As I mentioned in an earlier post, I didn't like the way my lower shock mount turned out. I decided to cut it off and make a new one. I searched around in the McMaster-Carr catalog for a 12mm ID spherical bearing that would match the M12 shock mount bolt and found one with dimensions 12x30x16 that I thought would work. I also found some 17x30x7 oil seals that had the same OD as the bearing that I thought I could use to keep dirt out of the bearing.

Here's how the old mount I cut off compares to my new design. Once I got the arm installed I found I needed to grind down the smaller front gusset to clear the shock's mounting clevis.

I made the bearing holder from a piece of large mild steel round stock I had. I bored the hole out with this setup to give a press fit to the bearing.

Here's the bearing mount tacked to the swingarm. I made it wide enough to accept the bearing and the two seals on each side of the bearing.

I was thinking to add a box section to the bottom of the swingarm to strengthen it. I cut the sections at the bottom of this photo from a length of mild steel rectangular tube.

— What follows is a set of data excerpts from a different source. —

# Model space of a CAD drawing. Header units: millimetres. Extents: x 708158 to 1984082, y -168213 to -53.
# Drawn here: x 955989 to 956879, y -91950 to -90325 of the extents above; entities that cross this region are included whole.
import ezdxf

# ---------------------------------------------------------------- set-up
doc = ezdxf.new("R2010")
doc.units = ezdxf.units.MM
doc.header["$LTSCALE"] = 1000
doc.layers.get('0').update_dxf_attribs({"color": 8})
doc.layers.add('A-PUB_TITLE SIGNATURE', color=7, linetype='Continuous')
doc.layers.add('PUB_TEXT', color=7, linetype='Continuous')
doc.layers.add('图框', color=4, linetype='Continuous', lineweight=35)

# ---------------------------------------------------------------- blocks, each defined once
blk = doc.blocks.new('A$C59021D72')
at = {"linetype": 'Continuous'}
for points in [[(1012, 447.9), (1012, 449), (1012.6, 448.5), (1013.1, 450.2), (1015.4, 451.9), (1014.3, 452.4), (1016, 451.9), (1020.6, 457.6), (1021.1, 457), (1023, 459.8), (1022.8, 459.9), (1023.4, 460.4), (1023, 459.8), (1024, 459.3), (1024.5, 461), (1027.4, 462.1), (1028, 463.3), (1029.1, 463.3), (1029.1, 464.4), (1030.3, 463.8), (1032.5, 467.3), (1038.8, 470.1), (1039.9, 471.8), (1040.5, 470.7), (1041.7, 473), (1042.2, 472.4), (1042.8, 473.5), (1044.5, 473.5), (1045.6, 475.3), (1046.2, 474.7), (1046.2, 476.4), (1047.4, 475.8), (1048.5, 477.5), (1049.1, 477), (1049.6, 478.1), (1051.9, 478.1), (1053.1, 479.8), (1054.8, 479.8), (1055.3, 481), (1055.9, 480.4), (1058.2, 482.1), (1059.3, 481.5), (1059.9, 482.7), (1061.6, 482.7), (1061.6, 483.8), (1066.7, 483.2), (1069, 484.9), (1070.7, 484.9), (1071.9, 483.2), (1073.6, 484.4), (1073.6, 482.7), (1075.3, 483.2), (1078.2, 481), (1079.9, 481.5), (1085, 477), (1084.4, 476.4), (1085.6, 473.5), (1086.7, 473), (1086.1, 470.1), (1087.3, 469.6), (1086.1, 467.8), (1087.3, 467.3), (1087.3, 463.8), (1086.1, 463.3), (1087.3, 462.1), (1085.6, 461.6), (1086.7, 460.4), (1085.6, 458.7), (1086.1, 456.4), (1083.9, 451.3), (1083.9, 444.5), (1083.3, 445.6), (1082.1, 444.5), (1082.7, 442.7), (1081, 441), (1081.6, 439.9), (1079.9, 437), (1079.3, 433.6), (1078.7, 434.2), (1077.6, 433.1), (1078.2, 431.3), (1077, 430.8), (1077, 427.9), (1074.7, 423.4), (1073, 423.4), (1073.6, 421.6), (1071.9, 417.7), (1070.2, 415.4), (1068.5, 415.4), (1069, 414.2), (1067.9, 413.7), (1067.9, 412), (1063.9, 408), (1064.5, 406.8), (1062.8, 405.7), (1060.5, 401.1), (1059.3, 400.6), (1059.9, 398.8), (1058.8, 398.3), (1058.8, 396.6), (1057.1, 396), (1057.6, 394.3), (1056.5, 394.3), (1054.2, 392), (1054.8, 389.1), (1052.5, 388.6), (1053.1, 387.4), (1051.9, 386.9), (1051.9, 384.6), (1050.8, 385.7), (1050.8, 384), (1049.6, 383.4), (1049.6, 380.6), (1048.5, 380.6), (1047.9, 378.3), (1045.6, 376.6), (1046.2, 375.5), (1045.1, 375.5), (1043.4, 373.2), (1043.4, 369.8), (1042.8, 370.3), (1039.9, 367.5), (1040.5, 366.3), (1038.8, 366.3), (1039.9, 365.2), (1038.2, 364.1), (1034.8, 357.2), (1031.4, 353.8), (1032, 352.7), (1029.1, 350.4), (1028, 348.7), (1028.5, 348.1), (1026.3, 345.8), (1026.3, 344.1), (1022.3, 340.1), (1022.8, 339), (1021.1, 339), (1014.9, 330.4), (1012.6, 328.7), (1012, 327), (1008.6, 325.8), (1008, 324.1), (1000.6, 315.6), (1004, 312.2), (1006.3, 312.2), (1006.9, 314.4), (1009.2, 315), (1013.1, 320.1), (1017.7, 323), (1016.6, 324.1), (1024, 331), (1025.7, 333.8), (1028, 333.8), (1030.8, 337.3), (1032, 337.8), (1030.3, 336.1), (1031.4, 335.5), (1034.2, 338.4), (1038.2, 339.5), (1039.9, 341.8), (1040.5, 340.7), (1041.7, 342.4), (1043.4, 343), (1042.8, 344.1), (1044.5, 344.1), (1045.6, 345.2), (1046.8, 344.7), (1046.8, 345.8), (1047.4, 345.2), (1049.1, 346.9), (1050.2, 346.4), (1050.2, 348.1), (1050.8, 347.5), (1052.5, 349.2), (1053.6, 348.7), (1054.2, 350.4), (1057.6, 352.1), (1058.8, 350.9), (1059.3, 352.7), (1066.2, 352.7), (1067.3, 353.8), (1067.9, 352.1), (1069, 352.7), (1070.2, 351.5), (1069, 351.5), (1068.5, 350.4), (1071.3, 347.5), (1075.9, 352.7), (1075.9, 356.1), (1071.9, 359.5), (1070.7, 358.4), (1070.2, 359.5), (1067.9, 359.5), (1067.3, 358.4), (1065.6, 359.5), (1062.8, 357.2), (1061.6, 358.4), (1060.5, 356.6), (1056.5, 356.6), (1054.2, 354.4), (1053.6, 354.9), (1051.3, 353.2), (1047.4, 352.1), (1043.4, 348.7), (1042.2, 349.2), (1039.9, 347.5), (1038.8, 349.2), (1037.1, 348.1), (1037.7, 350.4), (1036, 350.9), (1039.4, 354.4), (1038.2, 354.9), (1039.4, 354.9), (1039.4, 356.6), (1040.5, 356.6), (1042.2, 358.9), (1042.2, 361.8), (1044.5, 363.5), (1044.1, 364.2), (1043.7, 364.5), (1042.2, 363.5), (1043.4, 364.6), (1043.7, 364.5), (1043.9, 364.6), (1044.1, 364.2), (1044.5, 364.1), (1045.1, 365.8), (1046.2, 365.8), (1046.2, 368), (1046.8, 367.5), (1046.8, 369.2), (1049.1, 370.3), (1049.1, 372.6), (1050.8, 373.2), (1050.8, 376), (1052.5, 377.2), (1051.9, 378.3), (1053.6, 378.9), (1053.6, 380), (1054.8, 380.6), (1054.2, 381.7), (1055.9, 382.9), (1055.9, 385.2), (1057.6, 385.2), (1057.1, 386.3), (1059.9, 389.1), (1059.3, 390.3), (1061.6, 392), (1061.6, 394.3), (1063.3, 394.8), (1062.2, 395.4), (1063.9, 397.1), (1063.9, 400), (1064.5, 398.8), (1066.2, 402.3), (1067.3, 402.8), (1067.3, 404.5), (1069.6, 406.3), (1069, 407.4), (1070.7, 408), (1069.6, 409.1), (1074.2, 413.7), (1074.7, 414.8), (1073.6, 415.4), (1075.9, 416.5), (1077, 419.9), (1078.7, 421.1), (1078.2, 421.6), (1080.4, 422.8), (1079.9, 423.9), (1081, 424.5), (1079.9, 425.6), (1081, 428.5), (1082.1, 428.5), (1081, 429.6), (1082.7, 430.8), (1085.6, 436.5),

I needed to grind a curve in the ends where the box intersects the swingarm tube. It is a little difficult to explain, but to lay out the curve I found a short plastic ring the same diameter as the swingarm tube, and with the plastic ring set into the box section I sighted down the ring and marked the intersection with a Sharpie pen, then ground out the curve with a bench grinder. Here are the parts tacked to the swingarm.

The swingarm all welded together. The box section looks big and heavy, but the tube had a thin wall so it doesn't actually add much weight.

Here's a view of the bottom showing the box section. The rear part is just a little too close to the outer final drive mounting nut to get a socket on the nut. I did a little grinding to make room.

After welding the bearing holder and gussets to the swingarm I found that the bearing holder was distorted enough that the bearing could no longer be pressed in. It took a while to get setup, but I mounted the swingarm on a vertical mill and re-bored the bearing hole.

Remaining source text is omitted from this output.